## [SOURCE MATERIAL]
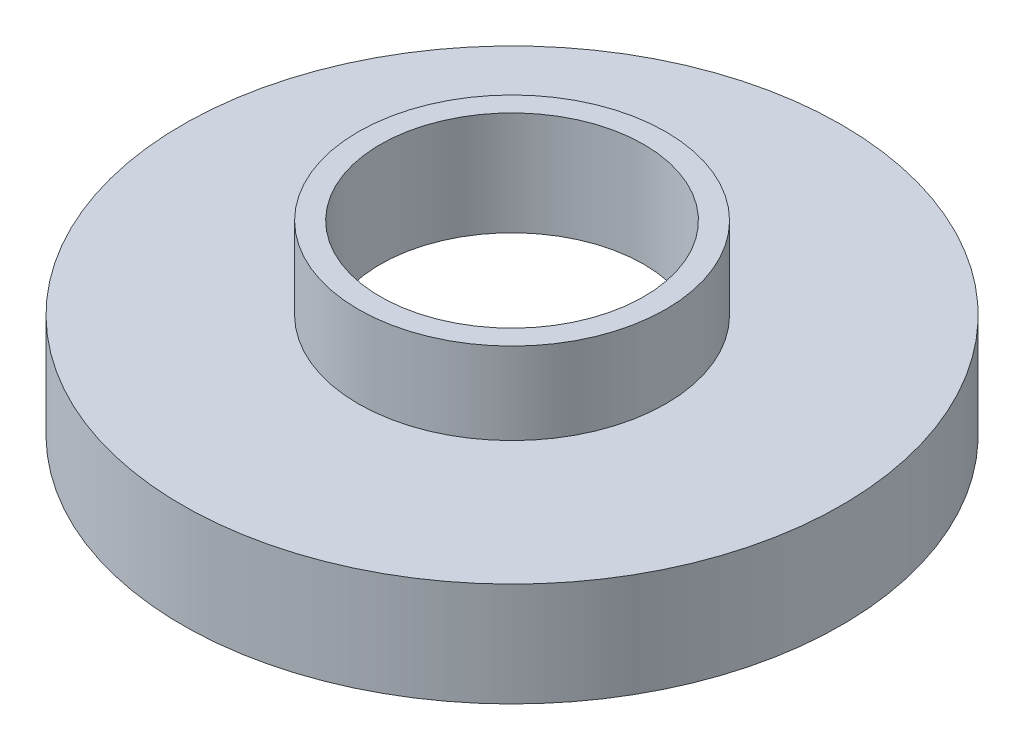
from build123d import *


with BuildPart() as part:
    # Sketch1 → Revolve1 (revolve)
    with BuildSketch(Plane.XY, mode=Mode.PRIVATE) as revolve1_sk:
        Polygon((19.05, 26.825), (19.05, 11.825), (44.45, 11.825), (44.45, 0), (47.625, 0), (47.625, 15), (22.225, 15), (22.225, 26.825), align=None)
    revolve(revolve1_sk.sketch.rotate(Axis((0, 0, 0), (0, 1, 0)), 90), axis=Axis((0, 0, 0), (0, 1, 0)))


solid = part.part
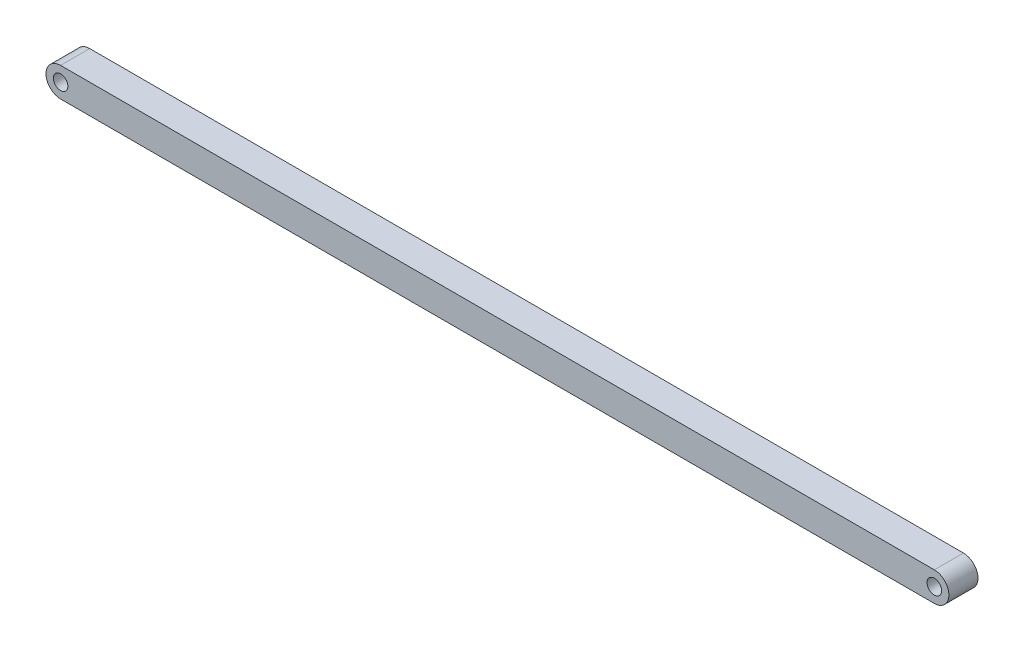
from build123d import *

# Parameters (mm, degrees)
SKETCH1_R           = 1.25
BOSS_EXTRUDE1_DEPTH = 5


with BuildPart() as part:
    # Sketch1 → Boss-Extrude1 (new body)
    with BuildSketch(Plane.XY):
        with BuildLine():
            Line((-75, 2.5), (75, 2.5))
            ThreePointArc((75, 2.5), (77.5, 0), (75, -2.5))
            Line((75, -2.5), (-75, -2.5))
            ThreePointArc((-75, -2.5), (-77.5, 0), (-75, 2.5))
        make_face()
        with Locations((-75, 0)):
            Circle(SKETCH1_R, mode=Mode.SUBTRACT)
        with Locations((75, 0)):
            Circle(SKETCH1_R, mode=Mode.SUBTRACT)
    extrude(amount=BOSS_EXTRUDE1_DEPTH)


solid = part.part
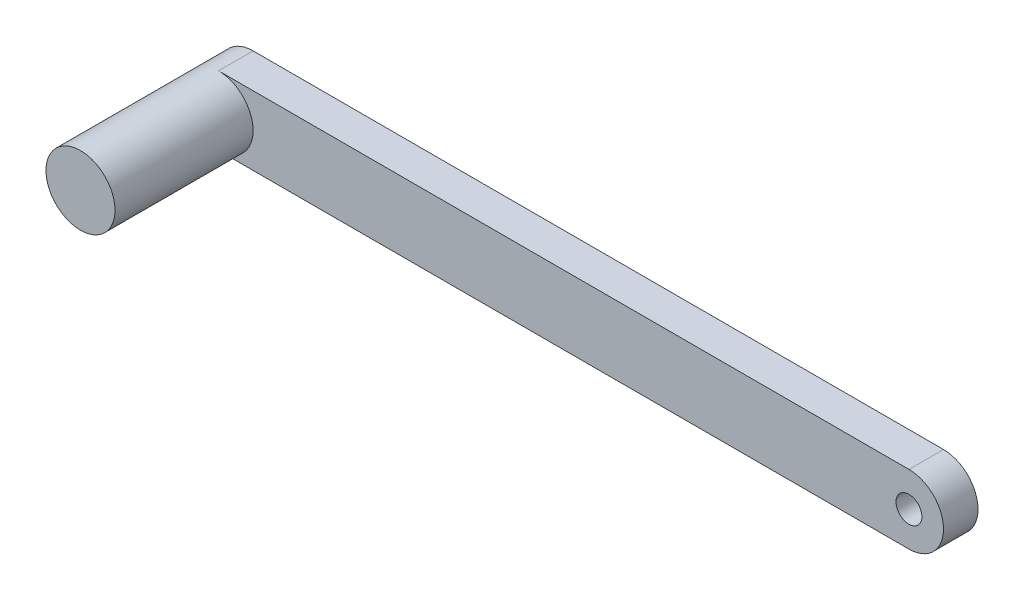
from build123d import *

# Parameters (mm, degrees)
BOSS_EXTRUDE1_DEPTH   = 2
SKETCH2_R             = 2
BOSS_EXTRUDE2_DEPTH   = 8
CROQUIS1_R            = 0.75
CORTAR_EXTRUIR1_DEPTH = 10


with BuildPart() as part:
    # Sketch1 → Boss-Extrude1 (new body)
    with BuildSketch(Plane.XY):
        with BuildLine():
            Line((0, -2), (40, -2))
            ThreePointArc((40, -2), (42, 0), (40, 2))
            Line((40, 2), (0, 2))
            ThreePointArc((0, 2), (-2, 0), (0, -2))
        make_face()
    extrude(amount=BOSS_EXTRUDE1_DEPTH)

    # Sketch2 → Boss-Extrude2 (add)
    with BuildSketch(Plane.XY.offset(2)):
        with Locations(Location((0, 0, 0), (0, 0, 270))):
            Circle(SKETCH2_R)
    extrude(amount=BOSS_EXTRUDE2_DEPTH)

    # Croquis1 → Cortar-Extruir1 (cut)
    with BuildSketch(Plane.XY.offset(2)):
        with Locations((40, 0)):
            Circle(CROQUIS1_R)
    extrude(amount=-CORTAR_EXTRUIR1_DEPTH, mode=Mode.SUBTRACT)


solid = part.part

## [TASK BRIEF]
Retype all entries exactly; omit pictures.

## [ANSWER BELOW]
from build123d import *


with BuildPart() as part:
    # Sketch1 → Revolve1 (revolve)
    with BuildSketch(Plane.XY, mode=Mode.PRIVATE) as revolve1_sk:
        Polygon((19.05, 26.825), (19.05, 11.825), (44.45, 11.825), (44.45, 0), (47.625, 0), (47.625, 15), (22.225, 15), (22.225, 26.825), align=None)
    revolve(revolve1_sk.sketch.rotate(Axis((0, 0, 0), (0, 1, 0)), 90), axis=Axis((0, 0, 0), (0, 1, 0)))


solid = part.part
from build123d import *

# Parameters (mm, degrees)
SKETCH1_R           = 1.25
BOSS_EXTRUDE1_DEPTH = 5


with BuildPart() as part:
    # Sketch1 → Boss-Extrude1 (new body)
    with BuildSketch(Plane.XY):
        with BuildLine():
            Line((-75, 2.5), (75, 2.5))
            ThreePointArc((75, 2.5), (77.5, 0), (75, -2.5))
            Line((75, -2.5), (-75, -2.5))
            ThreePointArc((-75, -2.5), (-77.5, 0), (-75, 2.5))
        make_face()
        with Locations((-75, 0)):
            Circle(SKETCH1_R, mode=Mode.SUBTRACT)
        with Locations((75, 0)):
            Circle(SKETCH1_R, mode=Mode.SUBTRACT)
    extrude(amount=BOSS_EXTRUDE1_DEPTH)


solid = part.part
from build123d import *

# Parameters (mm, degrees)
BOSS_EXTRUDE1_DEPTH   = 2
SKETCH2_R             = 2
BOSS_EXTRUDE2_DEPTH   = 8
CROQUIS1_R            = 0.75
CORTAR_EXTRUIR1_DEPTH = 10


with BuildPart() as part:
    # Sketch1 → Boss-Extrude1 (new body)
    with BuildSketch(Plane.XY):
        with BuildLine():
            Line((0, -2), (40, -2))
            ThreePointArc((40, -2), (42, 0), (40, 2))
            Line((40, 2), (0, 2))
            ThreePointArc((0, 2), (-2, 0), (0, -2))
        make_face()
    extrude(amount=BOSS_EXTRUDE1_DEPTH)

    # Sketch2 → Boss-Extrude2 (add)
    with BuildSketch(Plane.XY.offset(2)):
        with Locations(Location((0, 0, 0), (0, 0, 270))):
            Circle(SKETCH2_R)
    extrude(amount=BOSS_EXTRUDE2_DEPTH)

    # Croquis1 → Cortar-Extruir1 (cut)
    with BuildSketch(Plane.XY.offset(2)):
        with Locations((40, 0)):
            Circle(CROQUIS1_R)
    extrude(amount=-CORTAR_EXTRUIR1_DEPTH, mode=Mode.SUBTRACT)


solid = part.part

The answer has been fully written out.